The operating system serves as a bridge between user software and computer hardware. It is software that performs basic tasks such as memory management, processor management, device control, file system management, security functions, system operation control, resource usage monitoring, and error detection. Popular operating systems include freely available Linux, commercial macOS, and Windows. The operating system CentOS Linux is installed on the NSC, Maister, and Trdina cluster nodes.

Middleware

Middleware is software that connects the operating system and user applications within clusters. In a computer cluster, it ensures the coordinated operation of multiple nodes, enables centralized node management, handles user authentication, and controls job execution (user applications) on the nodes, among other things.

Cluster users primarily work with middleware for job control, and a widely used middleware system is Slurm (Simple Linux utility for resource management). The Slurm system manages a job queue, assigns required resources to jobs, and monitors job execution. Users utilize the Slurm system to access resources (compute nodes) for a specified period, submit jobs, and monitor their execution.

User Software

User software is essential for users to utilize computers regularly and in computer clusters. With user software, users perform desired functions. Only user software adapted for the Linux operating system can be used in clusters. Some examples of user software commonly used in clusters are Gromacs for molecular dynamics simulations, OpenFOAM for fluid flow simulations, Athena software for analysis of collisions at the LHC collider in CERN (ATLAS), and TensorFlow for deep learning in artificial intelligence. We will use the FFmpeg tool for video processing during the workshop.

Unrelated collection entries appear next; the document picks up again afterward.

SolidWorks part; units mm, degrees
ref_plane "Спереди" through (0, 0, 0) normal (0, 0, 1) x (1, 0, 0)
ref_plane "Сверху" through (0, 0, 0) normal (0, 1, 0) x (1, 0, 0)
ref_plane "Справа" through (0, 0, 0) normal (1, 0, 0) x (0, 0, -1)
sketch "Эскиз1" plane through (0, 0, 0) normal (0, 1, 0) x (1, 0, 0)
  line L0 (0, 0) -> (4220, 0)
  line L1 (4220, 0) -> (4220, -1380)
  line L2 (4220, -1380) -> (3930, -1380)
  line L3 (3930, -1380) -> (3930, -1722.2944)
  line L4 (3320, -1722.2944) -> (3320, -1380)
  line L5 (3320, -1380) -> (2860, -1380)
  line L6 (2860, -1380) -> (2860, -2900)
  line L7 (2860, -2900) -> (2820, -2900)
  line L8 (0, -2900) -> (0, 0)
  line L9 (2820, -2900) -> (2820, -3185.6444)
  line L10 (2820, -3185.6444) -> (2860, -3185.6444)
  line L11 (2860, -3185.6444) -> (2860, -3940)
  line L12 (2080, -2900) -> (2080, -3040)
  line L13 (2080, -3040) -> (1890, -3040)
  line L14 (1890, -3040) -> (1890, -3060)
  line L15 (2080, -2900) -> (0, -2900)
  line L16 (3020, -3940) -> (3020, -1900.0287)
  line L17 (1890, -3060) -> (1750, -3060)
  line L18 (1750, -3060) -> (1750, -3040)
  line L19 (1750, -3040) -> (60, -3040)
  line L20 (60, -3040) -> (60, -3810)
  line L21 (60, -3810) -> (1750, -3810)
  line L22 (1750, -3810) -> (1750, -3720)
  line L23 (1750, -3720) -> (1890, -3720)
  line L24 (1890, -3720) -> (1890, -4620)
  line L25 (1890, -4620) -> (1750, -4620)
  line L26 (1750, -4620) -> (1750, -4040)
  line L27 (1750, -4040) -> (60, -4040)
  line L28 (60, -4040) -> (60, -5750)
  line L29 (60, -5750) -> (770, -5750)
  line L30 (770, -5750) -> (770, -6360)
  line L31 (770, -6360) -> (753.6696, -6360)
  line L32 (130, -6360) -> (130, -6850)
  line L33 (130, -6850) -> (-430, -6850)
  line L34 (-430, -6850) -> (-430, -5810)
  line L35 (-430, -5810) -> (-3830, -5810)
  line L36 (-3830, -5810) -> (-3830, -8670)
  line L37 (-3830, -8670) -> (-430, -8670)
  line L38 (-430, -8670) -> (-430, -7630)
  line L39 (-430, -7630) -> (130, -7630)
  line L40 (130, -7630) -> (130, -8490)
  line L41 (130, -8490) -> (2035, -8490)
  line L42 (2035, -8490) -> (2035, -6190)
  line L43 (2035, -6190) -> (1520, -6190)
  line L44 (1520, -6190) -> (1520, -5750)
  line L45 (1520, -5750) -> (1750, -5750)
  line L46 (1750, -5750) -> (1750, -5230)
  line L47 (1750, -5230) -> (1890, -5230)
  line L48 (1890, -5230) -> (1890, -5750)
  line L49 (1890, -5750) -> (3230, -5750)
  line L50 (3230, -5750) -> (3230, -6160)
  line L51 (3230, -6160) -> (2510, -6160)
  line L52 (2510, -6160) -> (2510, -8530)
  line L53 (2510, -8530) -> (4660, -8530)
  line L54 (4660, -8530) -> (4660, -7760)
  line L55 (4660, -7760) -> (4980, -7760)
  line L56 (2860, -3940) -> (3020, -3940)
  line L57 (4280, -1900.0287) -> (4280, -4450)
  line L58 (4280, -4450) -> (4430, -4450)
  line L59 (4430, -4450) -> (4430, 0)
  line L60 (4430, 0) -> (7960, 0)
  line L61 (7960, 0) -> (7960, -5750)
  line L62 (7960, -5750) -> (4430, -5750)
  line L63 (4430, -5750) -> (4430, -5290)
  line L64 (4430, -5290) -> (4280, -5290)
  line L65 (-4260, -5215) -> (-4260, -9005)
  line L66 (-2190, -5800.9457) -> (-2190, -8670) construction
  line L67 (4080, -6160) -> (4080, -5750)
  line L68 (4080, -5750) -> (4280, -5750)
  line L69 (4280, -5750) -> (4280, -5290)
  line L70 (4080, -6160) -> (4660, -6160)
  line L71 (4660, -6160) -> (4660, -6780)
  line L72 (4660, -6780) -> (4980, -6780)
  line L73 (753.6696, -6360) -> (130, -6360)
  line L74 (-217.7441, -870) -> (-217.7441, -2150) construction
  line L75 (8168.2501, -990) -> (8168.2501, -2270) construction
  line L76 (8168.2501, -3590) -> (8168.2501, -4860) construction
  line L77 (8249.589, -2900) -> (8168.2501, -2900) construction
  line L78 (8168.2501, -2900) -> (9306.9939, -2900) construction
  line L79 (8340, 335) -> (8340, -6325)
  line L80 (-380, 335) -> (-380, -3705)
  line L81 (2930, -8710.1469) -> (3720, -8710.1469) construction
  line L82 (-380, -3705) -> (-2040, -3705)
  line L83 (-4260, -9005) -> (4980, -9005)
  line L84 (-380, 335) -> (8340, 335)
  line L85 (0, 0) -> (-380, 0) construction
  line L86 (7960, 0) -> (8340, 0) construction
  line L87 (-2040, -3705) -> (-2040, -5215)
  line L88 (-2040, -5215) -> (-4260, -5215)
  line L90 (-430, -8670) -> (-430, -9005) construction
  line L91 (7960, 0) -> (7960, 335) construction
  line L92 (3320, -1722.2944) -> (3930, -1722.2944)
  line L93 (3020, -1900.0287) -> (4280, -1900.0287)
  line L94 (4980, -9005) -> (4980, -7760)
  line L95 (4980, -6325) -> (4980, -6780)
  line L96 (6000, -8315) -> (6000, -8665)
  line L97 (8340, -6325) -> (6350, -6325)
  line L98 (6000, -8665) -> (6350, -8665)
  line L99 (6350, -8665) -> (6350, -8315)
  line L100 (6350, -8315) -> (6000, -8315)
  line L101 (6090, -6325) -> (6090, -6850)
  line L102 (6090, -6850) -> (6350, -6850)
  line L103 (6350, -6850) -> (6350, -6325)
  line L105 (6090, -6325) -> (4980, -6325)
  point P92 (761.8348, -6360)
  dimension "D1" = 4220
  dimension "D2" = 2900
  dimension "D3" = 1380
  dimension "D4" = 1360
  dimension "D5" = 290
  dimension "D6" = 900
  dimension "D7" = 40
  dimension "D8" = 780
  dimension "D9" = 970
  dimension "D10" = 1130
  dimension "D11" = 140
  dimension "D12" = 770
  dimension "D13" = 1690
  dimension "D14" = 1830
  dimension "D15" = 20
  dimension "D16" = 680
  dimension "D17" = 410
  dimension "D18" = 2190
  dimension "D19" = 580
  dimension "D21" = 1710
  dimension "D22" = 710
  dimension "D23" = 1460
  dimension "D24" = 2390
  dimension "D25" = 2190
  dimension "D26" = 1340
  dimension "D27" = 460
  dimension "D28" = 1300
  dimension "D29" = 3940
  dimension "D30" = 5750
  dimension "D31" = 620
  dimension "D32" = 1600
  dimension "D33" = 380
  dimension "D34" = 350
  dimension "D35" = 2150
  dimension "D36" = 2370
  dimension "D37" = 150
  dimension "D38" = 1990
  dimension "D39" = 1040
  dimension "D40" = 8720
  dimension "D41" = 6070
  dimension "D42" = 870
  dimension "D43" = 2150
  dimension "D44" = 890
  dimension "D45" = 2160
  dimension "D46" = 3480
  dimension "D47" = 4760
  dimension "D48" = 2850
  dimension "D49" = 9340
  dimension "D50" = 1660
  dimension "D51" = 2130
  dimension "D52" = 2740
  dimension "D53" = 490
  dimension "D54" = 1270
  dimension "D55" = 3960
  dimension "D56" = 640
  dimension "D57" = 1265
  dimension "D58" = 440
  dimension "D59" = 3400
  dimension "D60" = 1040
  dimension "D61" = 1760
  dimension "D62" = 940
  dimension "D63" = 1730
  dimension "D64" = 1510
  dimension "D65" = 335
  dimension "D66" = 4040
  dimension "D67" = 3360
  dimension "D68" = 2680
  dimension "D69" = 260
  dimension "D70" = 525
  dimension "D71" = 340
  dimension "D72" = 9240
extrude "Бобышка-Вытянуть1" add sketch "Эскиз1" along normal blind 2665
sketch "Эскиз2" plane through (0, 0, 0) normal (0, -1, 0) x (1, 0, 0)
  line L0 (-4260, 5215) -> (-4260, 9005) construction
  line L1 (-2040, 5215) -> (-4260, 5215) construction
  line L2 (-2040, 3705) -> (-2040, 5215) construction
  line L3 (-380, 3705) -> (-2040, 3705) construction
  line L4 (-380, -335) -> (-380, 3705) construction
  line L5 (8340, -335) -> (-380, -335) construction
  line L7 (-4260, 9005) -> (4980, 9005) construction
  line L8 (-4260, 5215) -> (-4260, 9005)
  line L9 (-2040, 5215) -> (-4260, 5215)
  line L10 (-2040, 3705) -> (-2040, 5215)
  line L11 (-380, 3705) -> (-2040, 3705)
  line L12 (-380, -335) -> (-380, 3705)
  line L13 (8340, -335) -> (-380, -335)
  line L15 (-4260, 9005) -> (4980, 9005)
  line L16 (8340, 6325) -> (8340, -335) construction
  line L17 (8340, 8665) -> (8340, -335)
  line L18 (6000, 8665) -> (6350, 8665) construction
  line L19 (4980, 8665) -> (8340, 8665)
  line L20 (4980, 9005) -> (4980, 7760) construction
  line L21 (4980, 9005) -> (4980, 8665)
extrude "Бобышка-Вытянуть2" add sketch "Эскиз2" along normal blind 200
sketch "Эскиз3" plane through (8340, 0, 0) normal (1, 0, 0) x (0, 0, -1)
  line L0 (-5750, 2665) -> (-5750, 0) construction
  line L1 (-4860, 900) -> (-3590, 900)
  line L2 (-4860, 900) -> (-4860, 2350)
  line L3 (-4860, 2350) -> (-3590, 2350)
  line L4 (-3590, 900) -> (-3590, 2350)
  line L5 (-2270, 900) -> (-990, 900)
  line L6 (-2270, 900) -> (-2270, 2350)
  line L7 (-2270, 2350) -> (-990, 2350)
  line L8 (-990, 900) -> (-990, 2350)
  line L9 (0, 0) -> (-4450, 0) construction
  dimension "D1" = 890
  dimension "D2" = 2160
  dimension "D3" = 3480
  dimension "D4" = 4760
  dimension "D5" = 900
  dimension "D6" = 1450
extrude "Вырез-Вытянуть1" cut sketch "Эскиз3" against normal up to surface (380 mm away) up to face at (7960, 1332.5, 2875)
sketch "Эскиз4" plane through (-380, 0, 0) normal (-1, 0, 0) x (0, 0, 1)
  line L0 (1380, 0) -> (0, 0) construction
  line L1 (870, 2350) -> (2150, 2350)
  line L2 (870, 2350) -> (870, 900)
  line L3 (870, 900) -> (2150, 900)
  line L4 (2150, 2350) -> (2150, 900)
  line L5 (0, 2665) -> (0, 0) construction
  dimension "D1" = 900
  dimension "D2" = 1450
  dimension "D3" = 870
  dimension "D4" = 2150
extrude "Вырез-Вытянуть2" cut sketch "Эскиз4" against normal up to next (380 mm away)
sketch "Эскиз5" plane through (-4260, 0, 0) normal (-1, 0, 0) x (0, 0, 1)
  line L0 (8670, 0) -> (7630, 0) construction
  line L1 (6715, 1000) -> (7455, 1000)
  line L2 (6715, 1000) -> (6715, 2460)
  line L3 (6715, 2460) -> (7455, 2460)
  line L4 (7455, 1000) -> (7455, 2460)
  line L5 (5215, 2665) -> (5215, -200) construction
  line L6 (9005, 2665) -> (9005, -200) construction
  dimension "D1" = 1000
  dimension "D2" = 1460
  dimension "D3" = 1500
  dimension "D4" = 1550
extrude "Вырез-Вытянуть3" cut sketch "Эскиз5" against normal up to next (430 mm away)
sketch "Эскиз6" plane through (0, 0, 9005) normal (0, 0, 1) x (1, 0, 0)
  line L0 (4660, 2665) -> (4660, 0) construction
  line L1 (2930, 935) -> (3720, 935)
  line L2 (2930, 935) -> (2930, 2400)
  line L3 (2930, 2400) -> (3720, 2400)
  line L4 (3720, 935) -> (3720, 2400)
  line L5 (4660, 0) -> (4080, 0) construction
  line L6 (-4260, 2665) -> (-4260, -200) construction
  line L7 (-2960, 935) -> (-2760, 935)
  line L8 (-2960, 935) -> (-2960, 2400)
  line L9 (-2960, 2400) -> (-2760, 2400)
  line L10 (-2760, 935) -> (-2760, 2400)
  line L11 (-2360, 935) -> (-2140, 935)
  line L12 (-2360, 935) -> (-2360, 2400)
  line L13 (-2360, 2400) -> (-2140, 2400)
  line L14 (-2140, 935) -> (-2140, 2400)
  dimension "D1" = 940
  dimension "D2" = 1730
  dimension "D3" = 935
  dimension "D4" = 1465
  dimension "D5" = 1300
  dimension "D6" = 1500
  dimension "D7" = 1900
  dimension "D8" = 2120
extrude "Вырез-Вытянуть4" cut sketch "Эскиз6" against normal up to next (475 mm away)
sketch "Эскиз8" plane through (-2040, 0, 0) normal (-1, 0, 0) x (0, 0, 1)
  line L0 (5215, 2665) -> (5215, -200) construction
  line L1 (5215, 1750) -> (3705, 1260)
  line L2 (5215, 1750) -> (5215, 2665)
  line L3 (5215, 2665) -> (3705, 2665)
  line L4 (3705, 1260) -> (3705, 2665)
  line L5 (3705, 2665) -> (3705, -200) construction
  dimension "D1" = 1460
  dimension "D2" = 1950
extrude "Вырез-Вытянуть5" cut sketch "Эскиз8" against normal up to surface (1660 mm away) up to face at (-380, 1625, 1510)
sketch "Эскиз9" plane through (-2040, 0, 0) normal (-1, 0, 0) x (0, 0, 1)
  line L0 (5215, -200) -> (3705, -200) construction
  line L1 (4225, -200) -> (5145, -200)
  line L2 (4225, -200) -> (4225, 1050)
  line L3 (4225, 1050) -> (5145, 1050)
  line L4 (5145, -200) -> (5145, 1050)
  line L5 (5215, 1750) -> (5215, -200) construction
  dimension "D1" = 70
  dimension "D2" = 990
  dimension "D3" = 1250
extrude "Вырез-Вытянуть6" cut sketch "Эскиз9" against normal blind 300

The user software can be installed on clusters in various ways:

  • The administrator installs it directly on the nodes.
  • The administrator prepares environmental modules.
  • The administrator prepares containers for general use.
  • The user installs it in their directory.
  • The user prepares a container in their directory.

Administrators install user software in the form of environmental modules or, preferably, as containers for easier system maintenance.

Environmental Modules

Upon logging into the cluster, users find themselves in a command-line interface with default environment settings. To facilitate their work, they can supplement this environment using environmental modules. Environmental modules are tools for modifying command-line settings and enable users to switch environments easily during work.

Each environmental module file contains the necessary information to configure the command-line interface for specific software. When loading an environmental module, environment variables are adjusted for executing the selected user software. One such variable is PATH, which specifies the directories where the operating system searches for programs.

Environmental modules are installed and updated by the cluster administrator. By preparing environmental modules for software, the administrator simplifies maintenance, avoiding issues related to using different library versions, among other things. Users can load and unload available modules during their work.

Virtualization and Containers

As we have seen, we have many processor cores on the nodes that can simultaneously run various user applications. When directly installing user applications on the operating system, compatibility issues can arise, most commonly due to incompatible library versions.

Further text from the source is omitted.